HMD's Nokia smartphones suffer large drop in shipments as market sees largest decline yet
For the first time since early 2014 smartphone makers shipped less than 300 million units in a quarter. This is a sharp 13% drop compared to the shipments of Q1 last year. The analysts at Counterpoint Research note that China was hit hard both in terms of smartphones (down 27% year on year) and smartphone components. This may lead some makers to diversify their supply chains, shifting larger parts to India and Vietnam.
The analysts predict a change in consumer behavior – even after the lock-downs are lifted (which will be done gradually), people will prefer more affordable devices bought online.
5G phones proved fairly resilient to this crisis and they made up 8% of all smartphones shipped in Q1 this year, up from 1% during the last three months of 2019. The percentage will grow even higher, boosted by the upcoming sub-$300 5G phones.
Realme showed massive growth (157% compared to last year), but the brand is quite young. Established player Xiaomi was the only other brand to grow (by 7%). This is because India’s lockdown came relatively late and that is the main market for both brands.
The analysts believe that the premium segment will be affected the least while shipments of entry-level phones in emerging markets will decline as their target audience faces a financial crunch. The mid-range phones will be the ones driving the shipping volumes up, same as before.
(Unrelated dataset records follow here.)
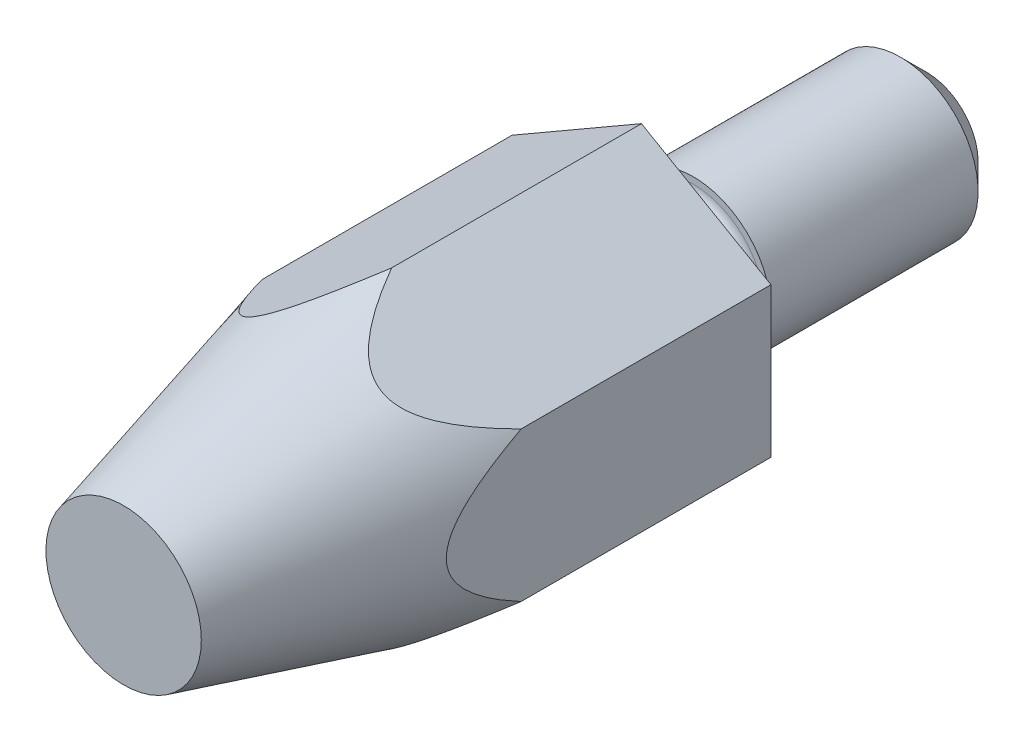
ISO-10303-21;
HEADER;
FILE_DESCRIPTION(('STEP AP214'),'2;1');
FILE_NAME('part.step','',(''),(''),'','','');
FILE_SCHEMA(('AUTOMOTIVE_DESIGN { 1 0 10303 214 1 1 1 1 }'));
ENDSEC;
DATA;
#1=APPLICATION_CONTEXT('core data for automotive mechanical design processes');
#2=APPLICATION_PROTOCOL_DEFINITION('international standard','automotive_design',2000,#1);
#3=PRODUCT_CONTEXT('',#1,'mechanical');
#4=PRODUCT('Part','Part','',(#3));
#5=PRODUCT_RELATED_PRODUCT_CATEGORY('part','',(#4));
#6=PRODUCT_DEFINITION_FORMATION('','',#4);
#7=PRODUCT_DEFINITION_CONTEXT('part definition',#1,'design');
#8=PRODUCT_DEFINITION('design','',#6,#7);
#9=PRODUCT_DEFINITION_SHAPE('','',#8);
#10=(LENGTH_UNIT() NAMED_UNIT(*) SI_UNIT(.MILLI.,.METRE.));
#11=(NAMED_UNIT(*) PLANE_ANGLE_UNIT() SI_UNIT($,.RADIAN.));
#12=(NAMED_UNIT(*) SI_UNIT($,.STERADIAN.) SOLID_ANGLE_UNIT());
#13=UNCERTAINTY_MEASURE_WITH_UNIT(LENGTH_MEASURE(1.E-05),#10,'distance_accuracy_value','');
#14=(GEOMETRIC_REPRESENTATION_CONTEXT(3) GLOBAL_UNCERTAINTY_ASSIGNED_CONTEXT((#13)) GLOBAL_UNIT_ASSIGNED_CONTEXT((#10,
#11,#12)) REPRESENTATION_CONTEXT('',''));
#15=CARTESIAN_POINT('',(0.,0.,0.));
#16=DIRECTION('',(0.,0.,1.));
#17=DIRECTION('',(1.,0.,0.));
#18=AXIS2_PLACEMENT_3D('',#15,#16,#17);
#19=CARTESIAN_POINT('',(-8.35898384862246,0.,0.));
#20=DIRECTION('',(0.,0.,-1.));
#21=DIRECTION('',(-1.,0.,0.));
#22=AXIS2_PLACEMENT_3D('',#19,#20,#21);
#23=PLANE('',#22);
#24=CARTESIAN_POINT('',(0.,0.,0.));
#25=DIRECTION('',(0.,0.,-1.));
#26=DIRECTION('',(-1.,0.,0.));
#27=AXIS2_PLACEMENT_3D('',#24,#25,#26);
#28=CIRCLE('',#27,2.75);
#29=CARTESIAN_POINT('',(-2.75,0.,0.));
#30=VERTEX_POINT('',#29);
#31=EDGE_CURVE('E22',#30,#30,#28,.F.);
#32=ORIENTED_EDGE('',*,*,#31,.T.);
#33=EDGE_LOOP('',(#32));
#34=FACE_BOUND('',#33,.T.);
#35=DIRECTION('',(0.,1.,0.));
#36=VECTOR('',#35,1.);
#37=CARTESIAN_POINT('',(5.,-2.88675134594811,0.));
#38=LINE('',#37,#36);
#39=CARTESIAN_POINT('',(5.,-2.88675134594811,0.));
#40=VERTEX_POINT('',#39);
#41=CARTESIAN_POINT('',(5.,2.88675134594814,0.));
#42=VERTEX_POINT('',#41);
#43=EDGE_CURVE('E97',#40,#42,#38,.T.);
#44=ORIENTED_EDGE('',*,*,#43,.F.);
#45=DIRECTION('',(-0.866025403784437,-0.5,0.));
#46=VECTOR('',#45,1.);
#47=CARTESIAN_POINT('',(5.,-2.88675134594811,0.));
#48=LINE('',#47,#46);
#49=CARTESIAN_POINT('',(0.,-5.77350269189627,0.));
#50=VERTEX_POINT('',#49);
#51=EDGE_CURVE('E90',#40,#50,#48,.T.);
#52=ORIENTED_EDGE('',*,*,#51,.T.);
#53=DIRECTION('',(0.866025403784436,-0.5,0.));
#54=VECTOR('',#53,1.);
#55=CARTESIAN_POINT('',(-5.,-2.88675134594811,0.));
#56=LINE('',#55,#54);
#57=CARTESIAN_POINT('',(-5.,-2.88675134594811,0.));
#58=VERTEX_POINT('',#57);
#59=EDGE_CURVE('E88',#58,#50,#56,.T.);
#60=ORIENTED_EDGE('',*,*,#59,.F.);
#61=DIRECTION('',(0.,1.,0.));
#62=VECTOR('',#61,1.);
#63=CARTESIAN_POINT('',(-5.,-2.88675134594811,0.));
#64=LINE('',#63,#62);
#65=CARTESIAN_POINT('',(-5.,2.88675134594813,0.));
#66=VERTEX_POINT('',#65);
#67=EDGE_CURVE('E37',#58,#66,#64,.T.);
#68=ORIENTED_EDGE('',*,*,#67,.T.);
#69=DIRECTION('',(0.86602540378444,0.5,0.));
#70=VECTOR('',#69,1.);
#71=CARTESIAN_POINT('',(-5.,2.88675134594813,0.));
#72=LINE('',#71,#70);
#73=CARTESIAN_POINT('',(0.,5.77350269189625,0.));
#74=VERTEX_POINT('',#73);
#75=EDGE_CURVE('E77',#66,#74,#72,.T.);
#76=ORIENTED_EDGE('',*,*,#75,.T.);
#77=DIRECTION('',(-0.86602540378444,0.5,0.));
#78=VECTOR('',#77,1.);
#79=CARTESIAN_POINT('',(5.,2.88675134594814,0.));
#80=LINE('',#79,#78);
#81=EDGE_CURVE('E83',#42,#74,#80,.T.);
#82=ORIENTED_EDGE('',*,*,#81,.F.);
#83=EDGE_LOOP('',(#44,#52,#60,#68,#76,#82));
#84=FACE_BOUND('',#83,.T.);
#85=ADVANCED_FACE('F14',(#34,#84),#23,.T.);
#86=CARTESIAN_POINT('',(5.,-2.88675134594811,20.));
#87=DIRECTION('',(0.5,-0.866025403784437,0.));
#88=DIRECTION('',(0.866025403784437,0.5,0.));
#89=AXIS2_PLACEMENT_3D('',#86,#87,#88);
#90=PLANE('',#89);
#91=DIRECTION('',(0.,0.,-1.));
#92=VECTOR('',#91,1.);
#93=CARTESIAN_POINT('',(0.,-5.77350269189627,20.));
#94=LINE('',#93,#92);
#95=CARTESIAN_POINT('',(1.0945400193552E-13,-5.77350269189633,9.64914703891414));
#96=VERTEX_POINT('',#95);
#97=EDGE_CURVE('E29',#96,#50,#94,.T.);
#98=ORIENTED_EDGE('',*,*,#97,.T.);
#99=ORIENTED_EDGE('',*,*,#51,.F.);
#100=DIRECTION('',(0.,0.,-1.));
#101=VECTOR('',#100,1.);
#102=CARTESIAN_POINT('',(5.,-2.88675134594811,20.));
#103=LINE('',#102,#101);
#104=CARTESIAN_POINT('',(5.,-2.88675134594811,9.64914703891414));
#105=VERTEX_POINT('',#104);
#106=EDGE_CURVE('E102',#105,#40,#103,.T.);
#107=ORIENTED_EDGE('',*,*,#106,.F.);
#108=CARTESIAN_POINT('',(-0.000200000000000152,-5.77361816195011,9.64871608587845));
#109=CARTESIAN_POINT('',(0.066613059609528,-5.73504362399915,9.79254886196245));
#110=CARTESIAN_POINT('',(0.134906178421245,-5.6956145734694,9.93551032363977));
#111=CARTESIAN_POINT('',(0.275434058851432,-5.61448076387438,10.2191728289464));
#112=CARTESIAN_POINT('',(0.347675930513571,-5.57277189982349,10.3598691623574));
#113=CARTESIAN_POINT('',(0.497724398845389,-5.48614137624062,10.6395900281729));
#114=CARTESIAN_POINT('',(0.575586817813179,-5.4411874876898,10.7785749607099));
#115=CARTESIAN_POINT('',(0.73735650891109,-5.34778971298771,11.0516683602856));
#116=CARTESIAN_POINT('',(0.821258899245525,-5.29934864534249,11.18578063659));
#117=CARTESIAN_POINT('',(0.99214017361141,-5.20069029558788,11.4397396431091));
#118=CARTESIAN_POINT('',(1.07869243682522,-5.1507193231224,11.5599651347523));
#119=CARTESIAN_POINT('',(1.2610601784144,-5.04542925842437,11.7907555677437));
#120=CARTESIAN_POINT('',(1.35686724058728,-4.99011502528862,11.9013291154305));
#121=CARTESIAN_POINT('',(1.53855912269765,-4.88521516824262,12.0843797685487));
#122=CARTESIAN_POINT('',(1.62209200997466,-4.83698743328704,12.1599190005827));
#123=CARTESIAN_POINT('',(1.79796539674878,-4.73544688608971,12.2958936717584));
#124=CARTESIAN_POINT('',(1.89027927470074,-4.68214944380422,12.3563728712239));
#125=CARTESIAN_POINT('',(2.0517153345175,-4.58894429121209,12.4382038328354));
#126=CARTESIAN_POINT('',(2.11839657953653,-4.55044585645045,12.4658805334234));
#127=CARTESIAN_POINT('',(2.2547866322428,-4.4717010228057,12.5082892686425));
#128=CARTESIAN_POINT('',(2.3244912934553,-4.4314570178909,12.5230384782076));
#129=CARTESIAN_POINT('',(2.46550457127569,-4.35004296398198,12.5377872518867));
#130=CARTESIAN_POINT('',(2.53682005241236,-4.30886895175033,12.537702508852));
#131=CARTESIAN_POINT('',(2.67824468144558,-4.22721740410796,12.5225881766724));
#132=CARTESIAN_POINT('',(2.74835306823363,-4.18674030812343,12.5075494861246));
#133=CARTESIAN_POINT('',(2.89986836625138,-4.09926291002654,12.459900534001));
#134=CARTESIAN_POINT('',(2.98054352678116,-4.05268508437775,12.4242556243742));
#135=CARTESIAN_POINT('',(3.13596876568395,-3.96295028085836,12.3386611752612));
#136=CARTESIAN_POINT('',(3.21070482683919,-3.91980139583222,12.2886790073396));
#137=CARTESIAN_POINT('',(3.34625548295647,-3.84154118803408,12.1847989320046));
#138=CARTESIAN_POINT('',(3.40769326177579,-3.80607006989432,12.1319585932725));
#139=CARTESIAN_POINT('',(3.52646632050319,-3.73749641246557,12.020397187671));
#140=CARTESIAN_POINT('',(3.58379786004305,-3.70439603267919,11.9616708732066));
#141=CARTESIAN_POINT('',(3.69525082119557,-3.6400486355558,11.8394570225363));
#142=CARTESIAN_POINT('',(3.74934683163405,-3.60881628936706,11.7759389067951));
#143=CARTESIAN_POINT('',(3.85438937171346,-3.54816995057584,11.6455958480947));
#144=CARTESIAN_POINT('',(3.90533715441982,-3.51875523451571,11.5787722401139));
#145=CARTESIAN_POINT('',(4.06016343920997,-3.42936623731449,11.3663017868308));
#146=CARTESIAN_POINT('',(4.15942927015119,-3.37205508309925,11.2161804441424));
#147=CARTESIAN_POINT('',(4.34940257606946,-3.26237394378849,10.9087198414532));
#148=CARTESIAN_POINT('',(4.4400969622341,-3.21001151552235,10.7513700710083));
#149=CARTESIAN_POINT('',(4.61166845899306,-3.11095466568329,10.4378332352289));
#150=CARTESIAN_POINT('',(4.69278505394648,-3.06412197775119,10.2818199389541));
#151=CARTESIAN_POINT('',(4.8107322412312,-2.9960251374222,10.0456907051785));
#152=CARTESIAN_POINT('',(4.84936626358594,-2.97371977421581,9.96676079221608));
#153=CARTESIAN_POINT('',(4.9255584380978,-2.92973020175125,9.808224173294));
#154=CARTESIAN_POINT('',(4.96311672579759,-2.90804591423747,9.72861755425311));
#155=CARTESIAN_POINT('',(5.00020000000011,-2.88663587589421,9.64871608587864));
#156=B_SPLINE_CURVE_WITH_KNOTS('',3,(#108,#109,#110,#111,#112,#113,#114,#115,#116,#117,#118,
#119,#120,#121,#122,#123,#124,#125,#126,#127,#128,#129,#130,#131,#132,#133,#134,#135,#136,#137,
#138,#139,#140,#141,#142,#143,#144,#145,#146,#147,#148,#149,#150,#151,#152,#153,#154,#155),
.UNSPECIFIED.,.F.,.F.,(4,2,2,2,2,2,2,2,2,2,2,2,2,2,2,2,2,2,2,2,2,2,2,4),(0.,0.489700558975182,
0.98031393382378,1.47674422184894,1.97277768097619,2.44138411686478,2.90956834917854,
3.27625130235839,3.64185600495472,3.88641289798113,4.13064438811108,4.37626398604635,
4.62203316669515,4.91958488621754,5.21781921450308,5.48280887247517,5.74803691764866,
6.01513022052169,6.28211652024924,6.84806715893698,7.4148685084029,7.96062387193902,
8.23260942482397,8.50456055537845),.UNSPECIFIED.);
#157=EDGE_CURVE('E157',#96,#105,#156,.T.);
#158=ORIENTED_EDGE('',*,*,#157,.F.);
#159=EDGE_LOOP('',(#98,#99,#107,#158));
#160=FACE_BOUND('',#159,.T.);
#161=ADVANCED_FACE('F127',(#160),#90,.T.);
#162=CARTESIAN_POINT('',(5.,-2.88675134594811,20.));
#163=DIRECTION('',(-1.,0.,0.));
#164=DIRECTION('',(0.,0.,1.));
#165=AXIS2_PLACEMENT_3D('',#162,#163,#164);
#166=PLANE('',#165);
#167=CARTESIAN_POINT('',(5.,-6.17550562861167,1.54175724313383));
#168=CARTESIAN_POINT('',(5.,-6.05566468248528,1.88928023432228));
#169=CARTESIAN_POINT('',(5.,-5.93463519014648,2.23639905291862));
#170=CARTESIAN_POINT('',(5.,-5.68962033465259,2.92964140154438));
#171=CARTESIAN_POINT('',(5.,-5.56563459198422,3.27576479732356));
#172=CARTESIAN_POINT('',(5.,-5.31349281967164,3.96857026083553));
#173=CARTESIAN_POINT('',(5.,-5.18531817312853,4.31524557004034));
#174=CARTESIAN_POINT('',(5.,-4.9246344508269,5.00693697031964));
#175=CARTESIAN_POINT('',(5.,-4.79212570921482,5.35195318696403));
#176=CARTESIAN_POINT('',(5.,-4.51363933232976,6.06031534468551));
#177=CARTESIAN_POINT('',(5.,-4.36732935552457,6.42353101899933));
#178=CARTESIAN_POINT('',(5.,-4.06675632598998,7.1467873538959));
#179=CARTESIAN_POINT('',(5.,-3.9124914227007,7.50682725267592));
#180=CARTESIAN_POINT('',(5.,-3.67321304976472,8.04285199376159));
#181=CARTESIAN_POINT('',(5.,-3.59224279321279,8.22064172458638));
#182=CARTESIAN_POINT('',(5.,-3.4271064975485,8.57472783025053));
#183=CARTESIAN_POINT('',(5.,-3.3429405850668,8.75102426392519));
#184=CARTESIAN_POINT('',(5.,-3.17079967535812,9.1016640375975));
#185=CARTESIAN_POINT('',(5.,-3.08282623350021,9.27600813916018));
#186=CARTESIAN_POINT('',(5.,-2.90218273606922,9.62223743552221));
#187=CARTESIAN_POINT('',(5.,-2.80951327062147,9.79412293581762));
#188=CARTESIAN_POINT('',(5.,-2.66955997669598,10.0432782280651));
#189=CARTESIAN_POINT('',(5.,-2.62459134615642,10.1218495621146));
#190=CARTESIAN_POINT('',(5.,-2.53322409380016,10.2781565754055));
#191=CARTESIAN_POINT('',(5.,-2.48682545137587,10.3558922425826));
#192=CARTESIAN_POINT('',(5.,-2.34515929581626,10.5877516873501));
#193=CARTESIAN_POINT('',(5.,-2.24747941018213,10.7404237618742));
#194=CARTESIAN_POINT('',(5.,-2.04385601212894,11.0401096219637));
#195=CARTESIAN_POINT('',(5.,-1.93791578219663,11.1871256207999));
#196=CARTESIAN_POINT('',(5.,-1.71507406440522,11.4725360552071));
#197=CARTESIAN_POINT('',(5.,-1.59818691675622,11.6109413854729));
#198=CARTESIAN_POINT('',(5.,-1.4103133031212,11.8091133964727));
#199=CARTESIAN_POINT('',(5.,-1.34494834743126,11.8741418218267));
#200=CARTESIAN_POINT('',(5.,-1.20960574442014,11.9991774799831));
#201=CARTESIAN_POINT('',(5.,-1.13962496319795,12.0591812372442));
#202=CARTESIAN_POINT('',(5.,-0.922837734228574,12.2280067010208));
#203=CARTESIAN_POINT('',(5.,-0.76766302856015,12.3273719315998));
#204=CARTESIAN_POINT('',(5.,-0.525675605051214,12.4351184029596));
#205=CARTESIAN_POINT('',(5.,-0.447864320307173,12.4635428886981));
#206=CARTESIAN_POINT('',(5.,-0.288530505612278,12.5072003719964));
#207=CARTESIAN_POINT('',(5.,-0.207009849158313,12.5224399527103));
#208=CARTESIAN_POINT('',(5.,-0.0420406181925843,12.5377843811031));
#209=CARTESIAN_POINT('',(5.,0.0414162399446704,12.5378033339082));
#210=CARTESIAN_POINT('',(5.,0.206884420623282,12.5224905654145));
#211=CARTESIAN_POINT('',(5.,0.288895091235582,12.5071520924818));
#212=CARTESIAN_POINT('',(5.,0.465036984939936,12.4587750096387));
#213=CARTESIAN_POINT('',(5.,0.558351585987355,12.4228323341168));
#214=CARTESIAN_POINT('',(5.,0.738092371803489,12.3366360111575));
#215=CARTESIAN_POINT('',(5.,0.824502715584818,12.2863505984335));
#216=CARTESIAN_POINT('',(5.,0.981330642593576,12.1818257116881));
#217=CARTESIAN_POINT('',(5.,1.05246170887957,12.1286304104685));
#218=CARTESIAN_POINT('',(5.,1.18996109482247,12.0163511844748));
#219=CARTESIAN_POINT('',(5.,1.2563251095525,11.9572620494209));
#220=CARTESIAN_POINT('',(5.,1.38543959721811,11.8342119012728));
#221=CARTESIAN_POINT('',(5.,1.44815339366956,11.7702128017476));
#222=CARTESIAN_POINT('',(5.,1.56991526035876,11.6389074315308));
#223=CARTESIAN_POINT('',(5.,1.62896522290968,11.5716029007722));
#224=CARTESIAN_POINT('',(5.,1.7927398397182,11.3762813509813));
#225=CARTESIAN_POINT('',(5.,1.89375411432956,11.2451589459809));
#226=CARTESIAN_POINT('',(5.,2.08787316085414,10.9771436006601));
#227=CARTESIAN_POINT('',(5.,2.18097189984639,10.8402463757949));
#228=CARTESIAN_POINT('',(5.,2.36128511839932,10.5619573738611));
#229=CARTESIAN_POINT('',(5.,2.44847734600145,10.420551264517));
#230=CARTESIAN_POINT('',(5.,2.61789628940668,10.1347912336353));
#231=CARTESIAN_POINT('',(5.,2.70012236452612,9.99043693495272));
#232=CARTESIAN_POINT('',(5.,2.85451786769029,9.71040389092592));
#233=CARTESIAN_POINT('',(5.,2.92697922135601,9.57488533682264));
#234=CARTESIAN_POINT('',(5.,3.06899904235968,9.30232238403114));
#235=CARTESIAN_POINT('',(5.,3.1385572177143,9.1652778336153));
#236=CARTESIAN_POINT('',(5.,3.27461207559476,8.89115242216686));
#237=CARTESIAN_POINT('',(5.,3.34112998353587,8.75408206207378));
#238=CARTESIAN_POINT('',(5.,3.47204356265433,8.47896861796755));
#239=CARTESIAN_POINT('',(5.,3.5364397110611,8.34092576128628));
#240=CARTESIAN_POINT('',(5.,3.5999437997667,8.20248027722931));
#241=B_SPLINE_CURVE_WITH_KNOTS('',3,(#167,#168,#169,#170,#171,#172,#173,#174,#175,#176,#177,
#178,#179,#180,#181,#182,#183,#184,#185,#186,#187,#188,#189,#190,#191,#192,#193,#194,#195,#196,
#197,#198,#199,#200,#201,#202,#203,#204,#205,#206,#207,#208,#209,#210,#211,#212,#213,#214,#215,
#216,#217,#218,#219,#220,#221,#222,#223,#224,#225,#226,#227,#228,#229,#230,#231,#232,#233,#234,
#235,#236,#237,#238,#239,#240),.UNSPECIFIED.,.F.,.F.,(4,2,2,2,2,2,2,2,2,2,2,2,2,2,2,2,2,2,2,2,2,
2,2,2,2,2,2,2,2,2,2,2,2,2,2,2,4),(0.,1.10282353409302,2.20578941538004,3.31459991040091,
4.42332511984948,5.5979922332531,6.77293385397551,7.35898832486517,7.94501959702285,
8.53081369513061,9.11653436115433,9.38810985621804,9.6596892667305,10.2032052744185,
10.7465063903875,11.2891054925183,11.5654501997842,11.8419845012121,12.3881920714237,
12.6358085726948,12.8833013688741,13.1321908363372,13.3811897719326,13.6795069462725,
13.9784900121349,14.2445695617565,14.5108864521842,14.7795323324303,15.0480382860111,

Samsung remains the largest smartphone maker in the world, but its Q1 shipments suffered an 18% decline year on year. Counterpoint predicts that the Q2 decline will be even worse.
Huawei enjoyed a strong performance in China, but still fell 17% YoY. As the country will be among the first to recover, brands with a large presence there (like Huawei) will also recover quickly. Brands with little market share in China will have to wait on their key markets to recover.
Apple saw only a 5% decline in iPhone shipments and 7% decline in iPhone revenues, suggesting a mild shift towards more affordable models. Xiaomi went up 7% thanks to growth in India, where it is the leading brand with 30% market share.
This brings us the HMD and its Nokia-branded phones. Most of the volume is made up of feature phones, but they fell 34% compared to Q1 last year with a total of 8.6 million shipped.
Nokia smartphones are not doing any better, showing a steady decline since Q2 2019. In the first three months of 2020, HMD shipped only 1.7 million Nokia smartphones, a precipitous 45% drop compared to Q1 of last year.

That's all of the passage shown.